Buffett's most revealing article appeared in the Nov. 10, 2003, Fortune, titled "America's Growing Trade Deficit Is Selling The Nation Out From Under Us." It began with a "wildly fanciful trip" to two islands, Squanderville and Thriftville, which were both "self-sufficient" until they foolishly started to trade. Then Squanderville began to run trade deficits, which gave Thriftville the Squanderbucks to invest in Squanderville assets.

The United States was Thriftville until 1980, says Buffett. "Since then, however, it's been all downhill." But remember what the economy was like in that supposedly wonderful decade before 1980 before you buy into this fable too quickly. And realize that the best long-term example of Thriftville is Japan - a country that has lost jobs and stock market wealth for a dozen years.

Buffett is strangely troubled by the fact that the value of foreign-owned assets in the United States exceeds by $2.5 trillion the value of U.S.-owned assets abroad. But whose assets would he rather have - theirs or ours? He boasts of speculating in foreign currencies, but that isn't investing. Besides, the dollar rose 3 percent last month.

U.S. assets - stocks, bonds and real estate - have risen spectacularly since 1982, the same period when Buffet thinks everything went downhill. Meanwhile, many foreign assets - such as Japanese stocks and Third World loans - have fallen in value, some to zero. Some valuable foreign-owned assets include foreign drug companies and auto factories all over the United States. If those U.S. plants employ too many people and become too profitable, then Buffett fears they may end up "paying ever-increasing dividends" to stockholders in companies like Nissan or Bayer. So what? Many Americans own stock in companies like that.

Clyde Prestowitz once wrote a book called Trading Places: How We Are Trading Our Future With Japan (I have seen used copies on Amazon for one cent). Does Buffett really want the United States to trade places with Japan (Thriftville)? If so, why doesn't Berkshire invest in Japanese stocks?

Buffet shifts from his childish fable to advocating "a tariff called by another name." This draconian scheme is not a tariff, actually, but a very extreme import quota. It would be illegal to ever again import one dollar more than we exported. Buffet views this a "tax on consumers," but more than half of our merchandise imports consist of products essential to U.S. producers - electronic components for U.S.-made computers and scientific equipment; parts for U.S.-made cars; chemicals for textiles and drugs; basic industrial materials such as oil and metals, and so on.

If such inputs could be purchased at all under Buffett's plan, their costs would be so much higher than in other countries that the United States could not afford to export anything at world prices. That would require even tighter restrictions on imports. Developing countries hoping to sell to the United States to get the dollars to repay their debts would default and stop trading. With world markets imploding, goods would have to be liquidated far below cost, causing widespread failures of businesses, farms and banks. Buffett does not think his plan should be compared to the Smoot-Hawley tariff of 1930. He's right - it's worse.
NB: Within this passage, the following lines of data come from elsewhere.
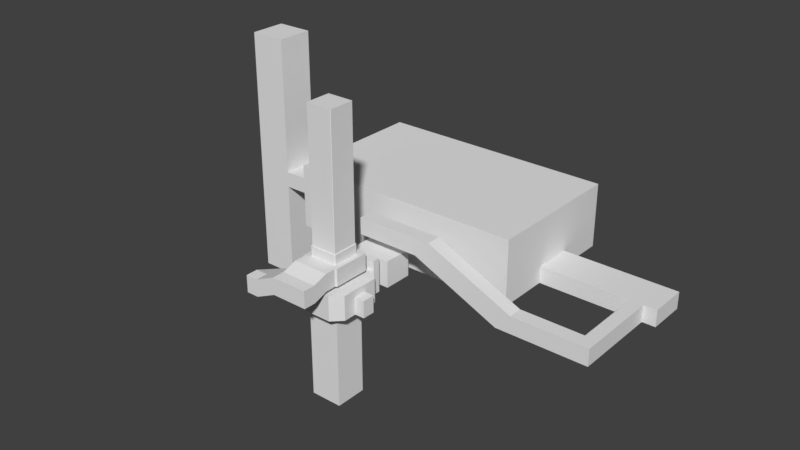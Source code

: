 # Source: test01_06.blend  (saved by Blender 2.78.5; exported with 4.5.12 LTS)
import bpy
from mathutils import Matrix  # noqa: F401  (used for matrix-valued properties, if any)

bpy.ops.wm.read_factory_settings(use_empty=True)
scene = bpy.context.scene
scene.name = 'Scene'

# ---- collections
col_collection_1 = bpy.data.collections.new('Collection 1'); scene.collection.children.link(col_collection_1)
col_collection_2 = bpy.data.collections.new('Collection 2'); scene.collection.children.link(col_collection_2)
col_collection_2.hide_render = True
col_collection_2.hide_viewport = True

# ---- world
world_world = bpy.data.worlds.new('World'); scene.world = world_world
world_world.color = (0.05088, 0.05088, 0.05088)
world_world.use_sun_shadow = False
world_world.sun_shadow_jitter_overblur = 0.0
world_world.cycles.sampling_method = 'MANUAL'

# ---- meshes
me_cube = bpy.data.meshes.new('Cube')
me_cube.from_pydata([(-1.0, -1.0, -5.0), (-1.0, -1.0, 8.5), (-1.0, 1.0, -5.0), (-1.0, 1.0, 8.5), (1.0, -1.0, -5.0), (1.0, -1.0, 8.5), (1.0, 1.0, -5.0), (1.0, 1.0, 8.5)], [], [(0, 1, 3, 2), (2, 3, 7, 6), (6, 7, 5, 4), (4, 5, 1, 0)])
me_cube.use_remesh_preserve_volume = False
me_cube.use_remesh_preserve_attributes = False
me_cube.use_mirror_vertex_groups = False
me_cube.update()
me_plane = bpy.data.meshes.new('Plane')
me_plane.from_pydata([(-1.0, -1.0, 0.0), (1.0, -1.0, 0.0), (-1.0, 1.0, 0.0), (1.0, 1.0, 0.0), (-1.0, 1.0, 0.25), (-1.0, -1.0, 0.25), (1.0, -1.0, 0.25), (1.0, 1.0, 0.25), (-0.325, -1.0, 0.0), (0.325, -1.0, 0.0), (0.325, 1.0, 0.0), (-0.325, 1.0, 0.0), (-0.325, -1.0, 0.25), (0.325, -1.0, 0.25), (0.325, 1.0, 0.25), (-0.325, 1.0, 0.25), (0.325, 1.075, 0.0), (-0.325, 1.075, 0.0), (0.325, 1.15, 0.05), (0.325, 1.075, 0.05), (-0.325, 1.075, 0.05), (-0.325, 1.15, 0.05), (0.325, 1.225, 0.1), (0.325, 1.15, 0.1), (-0.325, 1.15, 0.1), (-0.325, 1.225, 0.1), (0.325, 1.3, 0.15), (0.325, 1.225, 0.15), (-0.325, 1.225, 0.15), (-0.325, 1.3, 0.15), (0.325, 1.375, 0.2), (0.325, 1.3, 0.2), (-0.325, 1.3, 0.2), (-0.325, 1.375, 0.2), (0.325, 1.5, 0.25), (-0.325, 1.5, 0.25), (-0.325, 1.425, 0.25), (0.325, 1.425, 0.25), (0.325, 1.375, 0.25), (-0.325, 1.375, 0.25), (-1.0, 1.5, 0.25), (1.0, 1.5, 0.25), (0.325, 1.875, 0.25), (-0.325, 1.875, 0.25), (-1.0, 1.875, 0.25), (1.0, 1.875, 0.25), (-1.0, 1.5, 1.5), (1.0, 1.5, 1.5), (0.325, 1.875, 1.5), (-0.325, 1.875, 1.5), (-1.0, 1.875, 1.5), (1.0, 1.875, 1.5), (-1.5, 1.0, 0.25), (-1.5, -1.0, 0.25), (1.5, -1.0, 0.25), (1.5, 1.0, 0.25), (-1.0, -1.5, 0.25), (1.0, -1.5, 0.25), (-0.325, -1.5, 0.25), (0.325, -1.5, 0.25), (-0.725, 0.675, 1.5), (-0.725, -0.675, 1.5), (0.725, -0.675, 1.5), (0.725, 0.675, 1.5), (-0.675, -0.725, 1.5), (0.675, -0.725, 1.5), (-0.325, -0.725, 1.5), (0.325, -0.725, 1.5), (-1.0, 1.5, 2.0), (1.0, 1.5, 2.0), (0.325, 1.875, 2.0), (-0.325, 1.875, 2.0), (-1.0, 1.875, 2.0), (1.0, 1.875, 2.0), (-1.5, 1.0, 1.5), (-1.5, -1.0, 1.5), (1.5, -1.0, 1.5), (1.5, 1.0, 1.5), (0.325, -1.5, 1.5), (0.675, 0.725, 1.5), (-0.675, 0.725, 1.5), (1.0, -1.5, 1.5), (-1.0, -1.5, 1.5), (-0.325, -1.5, 1.5), (0.675, 0.725, 2.625), (-0.675, 0.725, 2.625), (-0.725, 0.675, 2.625), (-0.725, -0.675, 2.625), (0.725, -0.675, 2.625), (0.725, 0.675, 2.625), (0.325, -0.725, 2.625), (0.675, -0.725, 2.625), (-0.675, -0.725, 2.625), (-0.325, -0.725, 2.625), (1.0, 1.875, 1.125), (1.0, 1.5, 1.125), (-0.325, 1.875, 1.125), (0.325, 1.875, 1.125), (-1.0, 1.5, 1.125), (-1.0, 1.875, 1.125), (0.325, -1.5, 1.125), (-0.325, -1.5, 1.125), (-1.5, -1.0, 1.125), (-1.5, 1.0, 1.125), (1.5, 1.0, 1.125), (1.5, -1.0, 1.125), (1.0, -1.5, 1.125), (-1.0, -1.5, 1.125), (0.325, 2.375, 0.25), (-0.325, 2.375, 0.25), (-0.325, 2.375, 1.125), (0.325, 2.375, 1.125), (0.325, 3.875, 0.25), (-0.325, 3.875, 0.25), (-0.325, 3.875, 1.125), (0.325, 3.875, 1.125), (-1.075, 2.375, 1.125), (-1.075, 2.375, 0.25), (1.075, 2.375, 0.25), (1.075, 2.375, 1.125), (-1.075, 3.875, 1.125), (-1.075, 3.875, 0.25), (1.075, 3.875, 0.25), (1.075, 3.875, 1.125), (0.325, 2.375, 1.625), (-0.325, 2.375, 1.625), (0.325, 3.875, 1.625), (-0.325, 3.875, 1.625), (-1.075, 2.375, 1.625), (-1.075, 3.875, 1.625), (1.075, 3.875, 1.625), (1.075, 2.375, 1.625), (-1.0, 0.325, 0.0), (-1.0, -0.325, 0.0), (1.0, -0.325, 0.0), (1.0, 0.325, 0.0), (-1.0, 0.325, 0.25), (-1.0, -0.325, 0.25), (1.0, -0.325, 0.25), (1.0, 0.325, 0.25), (-0.91, -0.91, 0.0), (-0.91, 0.91, 0.0), (0.91, -0.91, 0.0), (0.91, 0.91, 0.0), (-1.5, 0.325, 0.25), (-1.5, -0.325, 0.25), (1.5, -0.325, 0.25), (1.5, 0.325, 0.25), (-1.5, 0.325, 1.5), (-1.5, -0.325, 1.5), (1.5, -0.325, 1.5), (1.5, 0.325, 1.5), (-0.725, 0.225, 1.5), (-0.725, -0.225, 1.5), (0.725, -0.225, 1.5), (0.725, 0.225, 1.5), (-0.725, 0.225, 2.625), (-0.725, -0.225, 2.625), (0.725, -0.225, 2.625), (0.725, 0.225, 2.625), (1.5, -0.325, 1.125), (1.5, 0.325, 1.125), (-1.5, 0.325, 1.125), (-1.5, -0.325, 1.125), (-2.0, 0.325, 0.25), (-2.0, -0.325, 0.25), (-2.0, 0.325, 1.125), (-2.0, -0.325, 1.125), (2.0, -0.325, 0.25), (2.0, 0.325, 0.25), (2.0, -0.325, 1.125), (2.0, 0.325, 1.125), (-2.625, 0.325, 0.25), (-2.625, -0.325, 0.25), (-2.625, 0.325, 1.125), (-2.625, -0.325, 1.125), (-2.0, -2.25, 1.0), (-2.0, -2.25, 1.875), (-2.625, -2.25, 1.0), (-2.625, -2.25, 1.875), (-2.0, -2.875, 1.0), (-2.0, -2.875, 1.875), (-2.625, -2.875, 1.0), (-2.625, -2.875, 1.875), (-0.925, -2.25, 1.5), (-0.925, -2.25, 2.375), (-0.925, -2.875, 1.5), (-0.925, -2.875, 2.375), (0.925, -2.25, 1.5), (0.925, -2.25, 2.375), (0.925, -2.875, 1.5), (0.925, -2.875, 2.375), (-0.925, -1.5, 1.75), (-0.925, -1.5, 2.625), (0.925, -1.5, 1.75), (0.925, -1.5, 2.625), (-0.925, -0.975, 1.75), (-0.925, -0.975, 2.625), (0.925, -0.975, 1.75), (0.925, -0.975, 2.625), (0.725, 0.675, 1.75), (0.675, 0.725, 1.75), (-0.325, -0.725, 1.75), (0.325, -0.725, 1.75), (-0.675, 0.725, 1.75), (-0.725, 0.675, 1.75), (-0.725, -0.675, 1.75), (-0.675, -0.725, 1.75), (0.675, -0.725, 1.75), (0.725, -0.675, 1.75), (0.725, 0.225, 1.75), (0.725, -0.225, 1.75), (-0.725, -0.225, 1.75), (-0.725, 0.225, 1.75), (0.925, 1.05, 2.625), (-0.925, 1.05, 2.625), (-1.0, -0.275, 2.625), (-1.0, -0.9, 2.625), (1.0, 0.35, 2.625), (1.0, 0.975, 2.625), (-1.0, 0.975, 2.625), (1.0, -0.9, 2.625), (1.0, 0.975, 1.75), (-0.925, 1.05, 1.75), (1.0, -0.9, 1.75), (-1.0, 0.35, 2.625), (1.0, -0.275, 2.625), (1.0, 0.35, 1.75), (1.0, -0.275, 1.75), (-1.0, -0.275, 1.75), (-1.0, 0.35, 1.75), (0.925, 1.05, 1.75), (-1.0, 0.975, 1.75), (-1.0, -0.9, 1.75), (0.6539, 0.674, 3.125), (-0.6539, 0.674, 3.125), (-0.674, -0.225, 3.125), (-0.674, -0.6539, 3.125), (0.674, 0.225, 3.125), (0.674, 0.6539, 3.125), (-0.674, 0.6539, 3.125), (0.325, -0.674, 3.125), (0.6539, -0.674, 3.125), (-0.6539, -0.674, 3.125), (-0.325, -0.674, 3.125), (0.674, -0.6539, 3.125), (-0.674, 0.225, 3.125), (0.674, -0.225, 3.125), (0.925, -2.25, 1.55), (0.925, -2.25, 1.55), (0.925, -2.25, 1.5), (0.925, -2.1, 1.55), (0.925, -2.1, 1.55), (0.925, -2.25, 1.55), (0.925, -2.1, 1.6), (0.925, -2.1, 1.6), (0.925, -2.1, 1.55), (0.925, -1.95, 1.6), (0.925, -1.95, 1.6), (0.925, -2.1, 1.6), (0.925, -1.95, 1.651), (0.925, -1.95, 1.651), (0.925, -1.95, 1.6), (0.925, -1.8, 1.651), (0.925, -1.8, 1.651), (0.925, -1.95, 1.651), (0.925, -1.8, 1.701), (0.925, -1.8, 1.701), (0.925, -1.8, 1.651), (0.925, -1.65, 1.701), (0.925, -1.65, 1.701), (0.925, -1.8, 1.701), (0.925, -1.65, 1.751), (0.925, -1.65, 1.751), (0.925, -1.65, 1.701), (0.925, -1.5, 1.751), (0.925, -1.5, 1.751), (0.925, -1.65, 1.751), (-0.925, -2.25, 1.55), (-0.925, -2.25, 1.55), (-0.925, -2.25, 1.5), (-0.925, -2.1, 1.55), (-0.925, -2.1, 1.55), (-0.925, -2.25, 1.55), (-0.925, -2.1, 1.6), (-0.925, -2.1, 1.6), (-0.925, -2.1, 1.55), (-0.925, -1.95, 1.6), (-0.925, -1.95, 1.6), (-0.925, -2.1, 1.6), (-0.925, -1.95, 1.651), (-0.925, -1.95, 1.651), (-0.925, -1.95, 1.6), (-0.925, -1.8, 1.651), (-0.925, -1.8, 1.651), (-0.925, -1.95, 1.651), (-0.925, -1.8, 1.701), (-0.925, -1.8, 1.701), (-0.925, -1.8, 1.651), (-0.925, -1.65, 1.701), (-0.925, -1.65, 1.701), (-0.925, -1.8, 1.701), (-0.925, -1.65, 1.751), (-0.925, -1.65, 1.751), (-0.925, -1.65, 1.701), (-0.925, -1.5, 1.751), (-0.925, -1.5, 1.751), (-0.925, -1.65, 1.751), (-0.819, -0.819, 0.0), (-0.819, 0.819, 0.0), (0.819, -0.819, 0.0), (0.819, 0.819, 0.0), (-0.819, -0.819, -4.75), (-0.819, 0.819, -4.75), (0.819, -0.819, -4.75), (0.819, 0.819, -4.75), (-0.819, -0.819, 0.0), (-0.819, 0.819, 0.0), (0.819, -0.819, 0.0), (0.819, 0.819, 0.0), (0.675, 0.725, 3.125), (-0.675, 0.725, 3.125), (-0.725, -0.225, 3.125), (-0.725, -0.675, 3.125), (0.725, 0.225, 3.125), (0.725, 0.675, 3.125), (-0.725, 0.675, 3.125), (0.325, -0.725, 3.125), (0.675, -0.725, 3.125), (-0.675, -0.725, 3.125), (-0.325, -0.725, 3.125), (0.725, -0.675, 3.125), (-0.725, 0.225, 3.125), (0.725, -0.225, 3.125), (-0.674, -0.225, 9.839), (0.674, -0.225, 9.839), (-0.674, 0.225, 9.839), (0.674, 0.225, 9.839), (0.6539, 0.674, 9.839), (-0.6539, 0.674, 9.839), (-0.674, -0.6539, 9.839), (0.674, 0.6539, 9.839), (-0.674, 0.6539, 9.839), (0.325, -0.674, 9.839), (0.6539, -0.674, 9.839), (-0.6539, -0.674, 9.839), (-0.325, -0.674, 9.839), (0.674, -0.6539, 9.839), (0.325, 3.875, 0.25), (-0.325, 3.875, 0.25), (-0.325, 3.875, 1.125), (0.325, 3.875, 1.125), (0.325, 4.5, 0.25), (-0.325, 4.5, 0.25), (-0.325, 4.5, 1.125), (0.325, 4.5, 1.125), (0.325, 12.0, 0.25), (-0.325, 12.0, 0.25), (-0.325, 12.0, 1.125), (0.325, 12.0, 1.125), (-6.215, 4.5, 1.125), (-6.215, 4.5, 0.25), (-6.215, 12.0, 1.125), (-6.215, 12.0, 0.25), (6.215, 4.5, 0.25), (6.215, 4.5, 1.125), (6.215, 12.0, 0.25), (6.215, 12.0, 1.125), (0.325, 4.5, 3.625), (-0.325, 4.5, 3.625), (0.325, 12.0, 3.625), (-0.325, 12.0, 3.625), (-6.215, 4.5, 3.625), (-6.215, 12.0, 3.625), (6.215, 12.0, 3.625), (6.215, 4.5, 3.625), (-0.325, 7.25, 0.25), (-0.325, 9.25, 0.25), (0.325, 9.25, 0.25), (0.325, 7.25, 0.25), (-6.215, 7.25, 1.125), (-6.215, 9.25, 1.125), (-6.215, 7.25, 0.25), (-6.215, 9.25, 0.25), (6.215, 9.25, 1.125), (6.215, 7.25, 1.125), (6.215, 9.25, 0.25), (6.215, 7.25, 0.25), (-0.325, 7.25, 3.625), (-0.325, 9.25, 3.625), (0.325, 9.25, 3.625), (0.325, 7.25, 3.625), (-6.215, 7.25, 3.625), (-6.215, 9.25, 3.625), (6.215, 9.25, 3.625), (6.215, 7.25, 3.625), (10.22, 7.25, 0.25), (10.22, 7.25, 1.125), (10.22, 9.25, 1.125), (10.22, 9.25, 0.25), (-10.22, 7.25, 1.125), (-10.22, 7.25, 0.25), (-10.22, 9.25, 0.25), (-10.22, 9.25, 1.125), (-12.22, 7.25, 0.25), (-12.22, 7.25, 1.125), (-12.22, 9.25, 0.25), (-12.22, 9.25, 1.125), (-10.22, 7.25, 8.625), (-10.22, 9.25, 8.625), (-12.22, 7.25, 8.625), (-12.22, 9.25, 8.625), (-10.22, 9.25, -5.25), (-10.22, 7.25, -5.25), (-12.22, 9.25, -5.25), (-12.22, 7.25, -5.25), (12.22, 7.25, 1.125), (12.22, 7.25, 0.25), (12.22, 9.25, 1.125), (12.22, 9.25, 0.25), (10.88, 7.25, 0.25), (11.55, 7.25, 0.25), (11.55, 9.25, 0.25), (10.88, 9.25, 0.25), (10.88, 9.25, 1.125), (11.55, 9.25, 1.125), (11.55, 7.25, 1.125), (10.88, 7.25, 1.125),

Buffett's last report to his shareholders cautioned that, "Our country's dynamism and resiliency have repeatedly made fools of naysayers." The trouble with politicians using naysayers like Buffett as economic advisers is that such people cannot resist peddling gloom to voters who can read the headlines and see for themselves that it's utter nonsense. As Arnold Schwarzenegger learned, however, it is not so easy to muzzle an outspoken and charming curmudgeon who's worth billions.

If Kerry is really looking for sound economic guidance, it would be best to ask a real economist. One of the best, and a self-described Clinton Democrat, is Robert Hall of Stanford. But Kerry might not grasp his enlightened Harvard-bred views on tax policy. Bob Hall, you see, is the co-author of the Hall-Rabushka flat tax.